Cancer survivor's wedding wish: hair today
For more than six hours, hair stylist Angeline El Moussa painstakingly applied 20-inch-long extensions to Amanda Twellman's honey-highlighted chestnut hair, which over the past eight months had barely grown to her collar.
"I don't want to look because I might cry," said Twellman, 21, her head buried in a Modern Bride magazine as El Moussa toiled with an assistant, Nicole Slater, earlier this month.
Twellman's day at Salon Luca Bella was about more than getting dolled up for her wedding. It was about going back to before that horrible day in November 1998 when doctors found a tumor the size of a submarine sandwich lodged behind her heart.
"She didn't understand what chemotherapy was, at first," said Twellman's mother, Linda. "It hit her when they told her her hair would come out."

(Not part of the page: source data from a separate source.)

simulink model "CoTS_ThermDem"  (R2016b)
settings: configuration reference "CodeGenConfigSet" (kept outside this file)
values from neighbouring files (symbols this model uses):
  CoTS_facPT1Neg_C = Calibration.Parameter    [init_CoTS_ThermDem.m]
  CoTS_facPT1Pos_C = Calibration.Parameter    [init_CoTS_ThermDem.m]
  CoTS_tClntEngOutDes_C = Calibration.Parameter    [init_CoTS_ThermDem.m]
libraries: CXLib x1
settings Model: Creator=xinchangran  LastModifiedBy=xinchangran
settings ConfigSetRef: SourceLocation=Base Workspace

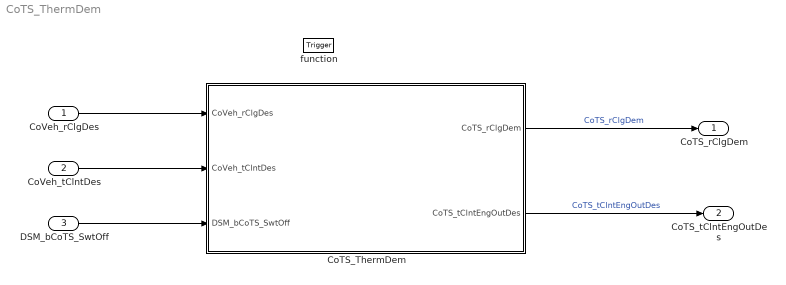
== system CoTS_ThermDem ==
  CoVeh_rClgDes : Inport  Tag=%  Description=Desired relative air mass flow  OutMin=-300  OutMax=300  OutDataTypeStr=Prc_100_rate
  CoVeh_tClntDes : Inport  Tag=deg  Description=Desired coolant temperature  Port=2  OutMin=-150  OutMax=150  OutDataTypeStr=Temp_deg
  DSM_bCoTS_SwtOff : Inport  Description=Use of replacement value for desired engine coolant temperature  Port=3  OutMin=0  OutMax=1  OutDataTypeStr=boolean
  function : TriggerPort  TriggerType=function-call  VariantControl=Variant
  CoTS_ThermDem : Subsystem
  CoTS_rClgDem : Outport  Tag=%  Description=cool demand percent  OutMin=-300  OutMax=300  OutDataTypeStr=Prc_100_rate
  CoTS_tClntEngOutDes : Outport  Tag=deg  Description=Coolant temperature of combustion engine  Port=2  OutMin=-3549  OutMax=3003  OutDataTypeStr=Temp_deg
  wires:
  CoVeh_rClgDes/1 -> CoTS_ThermDem/1(CoVeh_rClgDes)
  CoVeh_tClntDes/1 -> CoTS_ThermDem/2(CoVeh_tClntDes)
  DSM_bCoTS_SwtOff/1 -> CoTS_ThermDem/3(DSM_bCoTS_SwtOff)
  CoTS_ThermDem/1(CoTS_rClgDem) -> CoTS_rClgDem/1  "CoTS_rClgDem"
  CoTS_ThermDem/2(CoTS_tClntEngOutDes) -> CoTS_tClntEngOutDes/1  "CoTS_tClntEngOutDes"

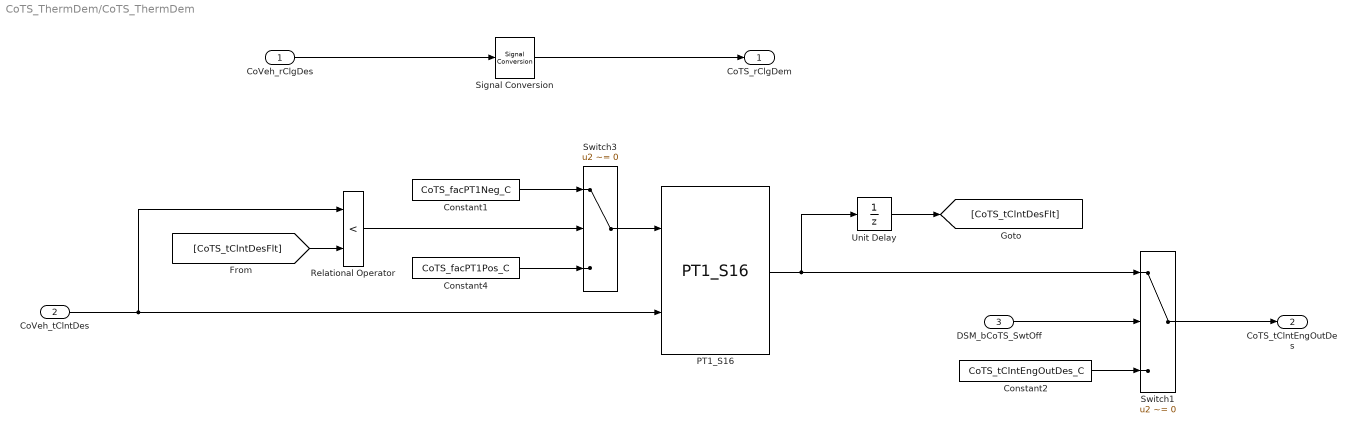
== system CoTS_ThermDem/CoTS_ThermDem ==
  CoVeh_rClgDes : Inport  Tag=%  Description=Desired relative air mass flow
  CoVeh_tClntDes : Inport  Tag=deg  Description=Desired coolant temperature  Port=2
  DSM_bCoTS_SwtOff : Inport  Description=Use of replacement value for desired engine coolant temperature  Port=3  OutMin=0  OutMax=1  OutDataTypeStr=boolean
  Constant1 : Constant  Value=CoTS_facPT1Neg_C
  Constant2 : Constant  Value=CoTS_tClntEngOutDes_C
  Constant4 : Constant  Value=CoTS_facPT1Pos_C
  PT1_S16 : CXLib/PT1_S16
  Relational Operator : RelationalOperator  Operator=<  OutDataTypeStr=boolean  RndMeth=Simplest
  Signal Conversion : SignalConversion  OverrideOpt=off
  Switch1 : Switch  Criteria=u2 ~= 0  SaturateOnIntegerOverflow=on  InputSameDT=on
  Switch3 : Switch  Criteria=u2 ~= 0  SaturateOnIntegerOverflow=on  InputSameDT=on
  Unit Delay : UnitDelay  SampleTime=-1
      settings: AttributesFormatString=InitialValue=%<InitialCondition>
  CoTS_rClgDem : Outport  Tag=%  Description=cool demand percent
  CoTS_tClntEngOutDes : Outport  Tag=deg  Description=Coolant temperature of combustion engine  Port=2
  wires:
  Switch1/1 -> CoTS_tClntEngOutDes/1
  Signal Conversion/1 -> CoTS_rClgDem/1
  DSM_bCoTS_SwtOff/1 -> Switch1/2
  Constant2/1 -> Switch1/3
  CoVeh_tClntDes/1 -> Relational Operator/1, PT1_S16/2
  Switch3/1 -> PT1_S16/1
  Constant1/1 -> Switch3/1
  Relational Operator/1 -> Switch3/2
  Constant4/1 -> Switch3/3
  PT1_S16/1 -> Unit Delay/1, Switch1/1
  [CoTS_tClntDesFlt] -> Relational Operator/2
  CoVeh_rClgDes/1 -> Signal Conversion/1
  Unit Delay/1 -> [CoTS_tClntDesFlt]
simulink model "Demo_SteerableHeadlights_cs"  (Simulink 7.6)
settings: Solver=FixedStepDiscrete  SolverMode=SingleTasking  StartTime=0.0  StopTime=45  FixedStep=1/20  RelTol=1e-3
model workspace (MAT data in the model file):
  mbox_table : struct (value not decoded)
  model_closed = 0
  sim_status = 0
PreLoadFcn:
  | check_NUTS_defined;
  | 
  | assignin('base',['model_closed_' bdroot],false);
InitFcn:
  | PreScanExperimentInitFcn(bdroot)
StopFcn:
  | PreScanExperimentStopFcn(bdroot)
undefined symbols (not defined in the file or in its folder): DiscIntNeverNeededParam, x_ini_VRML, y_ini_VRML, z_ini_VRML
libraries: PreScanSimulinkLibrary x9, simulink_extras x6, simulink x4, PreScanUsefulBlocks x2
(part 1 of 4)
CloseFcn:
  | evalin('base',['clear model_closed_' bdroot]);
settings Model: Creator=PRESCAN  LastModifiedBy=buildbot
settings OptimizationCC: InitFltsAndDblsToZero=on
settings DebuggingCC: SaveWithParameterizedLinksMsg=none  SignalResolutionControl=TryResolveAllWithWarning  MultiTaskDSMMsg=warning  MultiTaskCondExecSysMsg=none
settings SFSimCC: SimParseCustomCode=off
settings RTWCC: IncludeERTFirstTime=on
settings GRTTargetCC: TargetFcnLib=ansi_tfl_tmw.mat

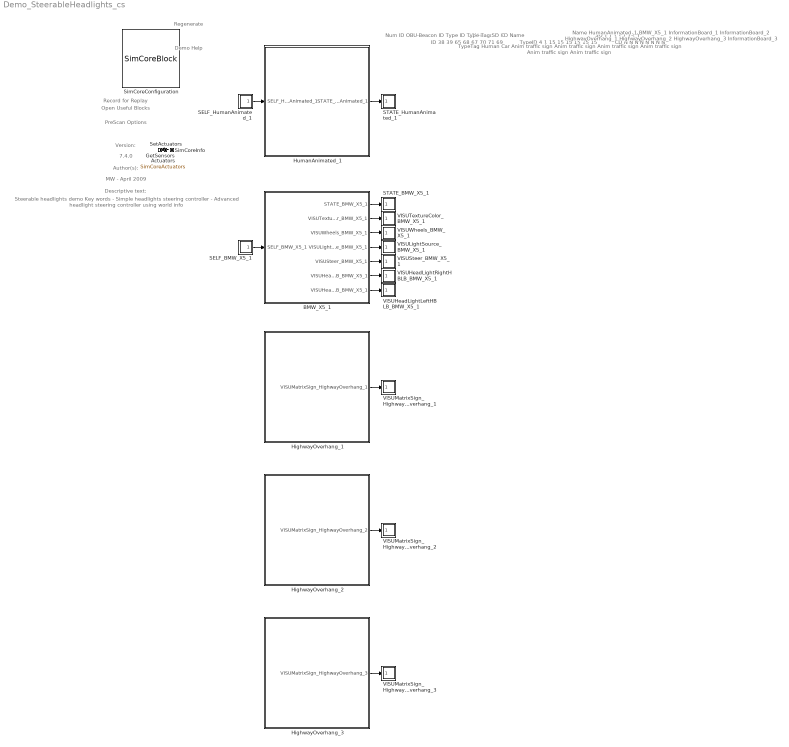
== system Demo_SteerableHeadlights_cs ==
  note: Demo Help
  note: Regenerate
  note: Record for Replay
  note: Open Useful Blocks
  note: PreScan Options
  note: Version:
  note: 7.4.0
  note: Author(s):
  note: MW - April 2009
  note: Descriptive text:
  note: Steerable headlights demo
      |
      | Key words
      | - Simple headlights steering
      | controller
      | - Advanced headlight steering
      | controller using world info
  note: ID
      |
      | 38
      | 39
      | 65
      | 68
      | 67
      | 70
      | 71
      | 69
  note: OBU-Beacon ID
  note: TypeID
      |
      | 4
      | 1
      | 15
      | 15
      | 15
      | 15
      | 15
      | 15
  note: TypeTag
      |
      | Human
      | Car
      | Anim traffic sign
      | Anim traffic sign
      | Anim traffic sign
      | Anim traffic sign
      | Anim traffic sign
      | Anim traffic sign
  note: SD
      |
      | Y
      | Y
      | Y
      | Y
      | Y
      | Y
      | Y
      | Y
  note: CD
      |
      | N
      | N
      | N
      | N
      | N
      | N
      | N
      | N
  note: Name
      |
      | HumanAnimated_1
      | BMW_X5_1
      | InformationBoard_1
      | InformationBoard_2
      | HighwayOverhang_1
      | HighwayOverhang_2
      | HighwayOverhang_3
      | InformationBoard_3
  note: Num ID OBU-Beacon ID Type ID Type Tag SD CD Name
  Actuators : DataStoreMemory  Tag=Actuators  DataStoreName=SimCoreActuators  InitialValue=zeros(288,1)
      settings: DeleteFcn=PreScanBlockDeleteFcn;
  BMW_X5_1 : Subsystem  Tag=WorldObjectSubSystem  InitFcn=UniqueId = '67';
      mask Display: image(imread('BMW_X5.jpg'));color('white');text(0,0,' ID=39\n')
  GetSensors : Subsystem  Tag=GetSensors  Priority=2  mask(PreScan Simulation Core Block){NrOfSensors=16, TimeStep=1/20}
      mask prompts: NrOfSensors "Number of sensor values"; TimeStep "Timestep [s]"
      mask help:
      | Please do not remove this block from the PreScan compilation sheet,
      | as it contains essential configuration parameters for a PreScan simulation.
      settings: DeleteFcn=PreScanBlockDeleteFcn;
  HighwayOverhang_1 : Subsystem  Tag=WorldObjectSubSystem  InitFcn=UniqueId = '104';
      mask Display: image(imread('HighwayOverhang.jpg'));color('white');text(0,0,' ID=67\n')
  HighwayOverhang_2 : Subsystem  Tag=WorldObjectSubSystem  InitFcn=UniqueId = '106';
      mask Display: image(imread('HighwayOverhang.jpg'));color('white');text(0,0,' ID=70\n')
  HighwayOverhang_3 : Subsystem  Tag=WorldObjectSubSystem  InitFcn=UniqueId = '108';
      mask Display: image(imread('HighwayOverhang.jpg'));color('white');text(0,0,' ID=71\n')
  HumanAnimated_1 : Subsystem  Tag=WorldObjectSubSystem  InitFcn=UniqueId = '63';
      mask Display: image(imread('HumanAnimated.jpg'));color('white');text(0,0,' ID=38\n')
  SELF_BMW_X5_1 : Subsystem  Tag=SELF  Priority=3  mask(PreScan Source Block: SELF){PortName=SELF_BMW_X5_1, PortIndex=8, PortWidth=8, TimeStep=1/20}
      mask prompts: PortName "Auto-Assigned: Port Name [-]"; PortIndex "Auto-Assigned: Port Index [-]"; PortWidth "Auto-Assigned: Port Dimensions"; TimeStep "Auto-Assigned: Upload Period [s]"
      mask help:
      | The SELF port shows (state) information of the actor itself. The outputs are position in the experiment's axis system and the GPS coordinates, and the object's absolute velocity and compass heading.
      |
      | For more information, please click Help.
      settings: DeleteFcn=PreScanBlockDeleteFcn;
      mask Help: eval('openHelp(462)')
      mask Display: image(imread('GPS.png'))
  SELF_HumanAnimated_1 : Subsystem  Tag=SELF  Priority=3  mask(PreScan Source Block: SELF){PortName=SELF_HumanAnimated_1, PortIndex=0, PortWidth=8, TimeStep=1/20}
      mask prompts: PortName "Auto-Assigned: Port Name [-]"; PortIndex "Auto-Assigned: Port Index [-]"; PortWidth "Auto-Assigned: Port Dimensions"; TimeStep "Auto-Assigned: Upload Period [s]"
      mask help:
      | The SELF port shows (state) information of the actor itself. The outputs are position in the experiment's axis system and the GPS coordinates, and the object's absolute velocity and compass heading.
      |
      | For more information, please click Help.
      settings: DeleteFcn=PreScanBlockDeleteFcn;
      mask Help: eval('openHelp(462)')
      mask Display: image(imread('GPS.png'))
  STATE_BMW_X5_1 : Subsystem  Tag=State  Priority=0  mask(PreScan Sink Block: State){x0=0.147277832, y0=0.07363796, z0=0.69, Roll0=0, Pitch0=0, Yaw0=0, TimeStep=1/20}
      mask prompts: x0 "Ini x-position VEHICLE wrt GLOBAL axis system [m]"; y0 "Ini y-position VEHICLE wrt GLOBAL axis system [m]"; z0 "Ini z-position VEHICLE wrt GLOBAL axis system [m]"; Roll0 "Ini roll-angle BODY wrt VEHICLE axis system [deg]"; Pitch0 "Ini pitch-angle BODY wrt VEHICLE axis system [deg]"; Yaw0 "Ini yaw-angle VEHICLE wrt GLOBAL axis system [deg]"; TimeStep "Time Step [s]"
      mask help:
      | The Actor State contains a vector signal of size (9x1), containing the following signals:
      |
      | -  Position                  (x,y,z)                                     [m]
      | -  Velocity                  (vx,vy,vz)                               [m/s]
      | -  Angles                    (Roll, Pitch, Yaw)                   [rad]
      |
      | The Actor state is defined in the global axis system.
      | The state is superponed on the Initial position defined in the GUI.
      |
      | For more information, please click Help.
      settings: DeleteFcn=PreScanBlockDeleteFcn;
      mask Help: eval('openHelp(222)')
      mask Display: image(imread('State.png'))
  STATE_HumanAnimated_1 : Subsystem  Tag=StateAnim  Priority=0  mask(PreScan Sink Block: StateAnim){x0=294.188263, y0=-30, z0=0, Roll0=0, Pitch0=0, Yaw0=102.59381900000001, TimeStep=1/20, MWS=1.95}
      mask prompts: x0 "Ini x-position VEHICLE wrt GLOBAL axis system [m]"; y0 "Ini y-position VEHICLE wrt GLOBAL axis system [m]"; z0 "Ini z-position VEHICLE wrt GLOBAL axis system [m]"; Roll0 "Ini roll-angle BODY wrt GLOBAL axis system [rad]"; Pitch0 "Ini pitch-angle BODY wrt GLOBAL axis system [rad]"; Yaw0 "Ini yaw-angle BODY wrt GLOBAL axis system [rad]"; TimeStep "Time Step [s]"; MWS "Max Walking Speed [m/s]"
      mask help:
      | The Actor State contains a vector signal of size (9x1), containing the following signals:
      |
      | -  Position                  (x,y,z)                                     [m]
      | -  Velocity                  (vx,vy,vz)                               [m/s]
      | -  Angles                    (Roll, Pitch, Yaw)                   [rad]
      |
      | The Actor state is defined in the global axis system.
      | The state is superponed on the Initial position defined in the GUI.
      |
      | For more information, please click Help.
      settings: DeleteFcn=PreScanBlockDeleteFcn;
      mask Help: eval('openHelp(222)')
      mask Display: image(imread('StateAnim.png'))
  SetActuators : Subsystem  Tag=SetActuators  Priority=1  mask(PreScan Simulation Core Block){TimeStep=1/20, NrOfActuators=288}
      mask prompts: TimeStep "Timestep [s]"; NrOfActuators "Number of actuator values"
      mask help:
      | Please do not remove this block from the PreScan compilation sheet,
      | as it contains essential configuration parameters for a PreScan simulation.
      settings: DeleteFcn=PreScanBlockDeleteFcn;
  SimCoreConfiguration : M-S-Function  Tag=SimCoreConfiguration  Description=D0CC6153B97817DA1051E6984CAAAF7B53F59DDD33C61524121AC7332DD66955  FunctionName=SimCoreBlock  Parameters=ExperimentXML PortsXML SimulationCore HostName CheckStart EnableLog RfR EnableGPUAccel ShowComputationTime  mask(PreScan Simulation Core Configurator){SimulationCore=NUTS, HostName=0, CheckStart=0, prescanversion='7.4.0', EnableLog=off, RfR=0, EnableGPUAccel=off, ShowComputationTime=off}
      mask prompts: SimulationCore "Simulation Core"; HostName "Simulation Host"; CheckStart "Show START Dialog"; prescanversion "PreScan Version"; EnableLog "Create TA Log"; RfR "Record for Replay"; EnableGPUAccel "Enable GPU Acceleration"; ShowComputationTime "Show ComputationTime Scope"
      mask help:
      | Please do not remove this block from the PreScan compilation sheet,
      | as it contains essential configuration parameter for a PreScan simulation.
      mask init:
      | model = bdroot;
      | ExperimentXML = [model(1:end-3) '.pex'];
      | PortsXML = [model '_ports.pcd'];
      settings: DeleteFcn=PreScanBlockDeleteFcn;  ModelCloseFcn=assignin('base',['model_closed_' bdroot],true);
      mask Help: eval('openHelp(812)')
      mask Display: image(imread('prescanlogo.ico'))
  SimCoreInfo : Subsystem  Tag=SimCoreInfo
  VISUHeadLightLeftHBLB_BMW_X5_1 : Subsystem  Tag=VisuLights  Priority=0
      settings: DeleteFcn=PreScanBlockDeleteFcn;
      mask Type: PreScan Sink Block: VisuLights
      mask Description:
      | The VisuLights block provides a way to animate the active lights of a vehicle with possibilities to adapt the:
      | - Intensity [-]
      | - Position (x,y,z) [m]
      | - Orientation (Roll, Pitch, Yaw) [deg]
      | - Color (RGB) [-]
      | - TextureResourceID [-]
      | 
      | For more information, please click Help.
      mask Help: eval('openHelp(231)')
      mask Display: image(imread('HeadLight.png'))
  VISUHeadLightRightHBLB_BMW_X5_1 : Subsystem  Tag=VisuLights  Priority=0
      settings: DeleteFcn=PreScanBlockDeleteFcn;
      mask Type: PreScan Sink Block: VisuLights
      mask Description:
      | The VisuLights block provides a way to animate the active lights of a vehicle with possibilities to adapt the:
      | - Intensity [-]
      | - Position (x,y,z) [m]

Amanda would lose her hair twice over the next five years during an aggressive and grueling fight against Hodgkin's lymphoma, a cancer that attacks the immune system. At one unimaginable point, she recalled vomiting every 10 minutes for three to five days.
"It's something that you don't give up on," Twellman said of her excruciating fight, which included experimental gene therapy and two stem-cell transplants.
Twellman's cancer returned in June 2002 after being in remission for three years. In late April, a doctor declared her cancer-free. She is waiting for doctor clearance to resume a favorite activity, surfing. She had to give up running because of severely weakened lungs, but is otherwise healthy.
Twellman knows it sounds sort of ridiculous discussing hair extensions when she nearly died twice. She knows that her family and her faith are what matter, not how she looks.
"Don't worry," her fiancé, Aaron Dieppa, 23, tells her. "You are beautiful either way."
But Twellman doesn't feel like herself with short hair. "When I lost (my hair), I was devastated," she said. "To me, I equate long hair with femininity. And every woman wants to feel feminine on her wedding day."
Enter Modern Bride magazine.
Twellman was flipping through it at the gym in late August when she decided to write and ask for help. The magazine did makeovers for brides-to-be, and Twellman thought she had a good story.
She was right. Editors of the New York-based magazine were brought to tears.
The magazine partnered with Great Lengths, a provider of high-end hair extensions favored by celebrities such as Jennifer Aniston and Britney Spears, to pay for Twellman's $2,000-plus treatment. A Modern Bride crew recorded the makeover for a future story.
The hair is real. It comes from India, where many women cut their hair before getting married as a sign of sacrifice, El Moussa said. The hair, colored with a textile dye, is bonded to Twellman's locks near the roots by a heated, protein-based solution. The extensions last up to five months.
At the end of the day, Twellman tried on strapless bridal gowns. She teared up when she looked in the mirror.
"Wanting to have long hair may sound frivolous," said her mother. "But when you think about it, nothing's frivolous about wanting to be normal.
"A lot of people don't understand: Normal, everyday life is such a blessing."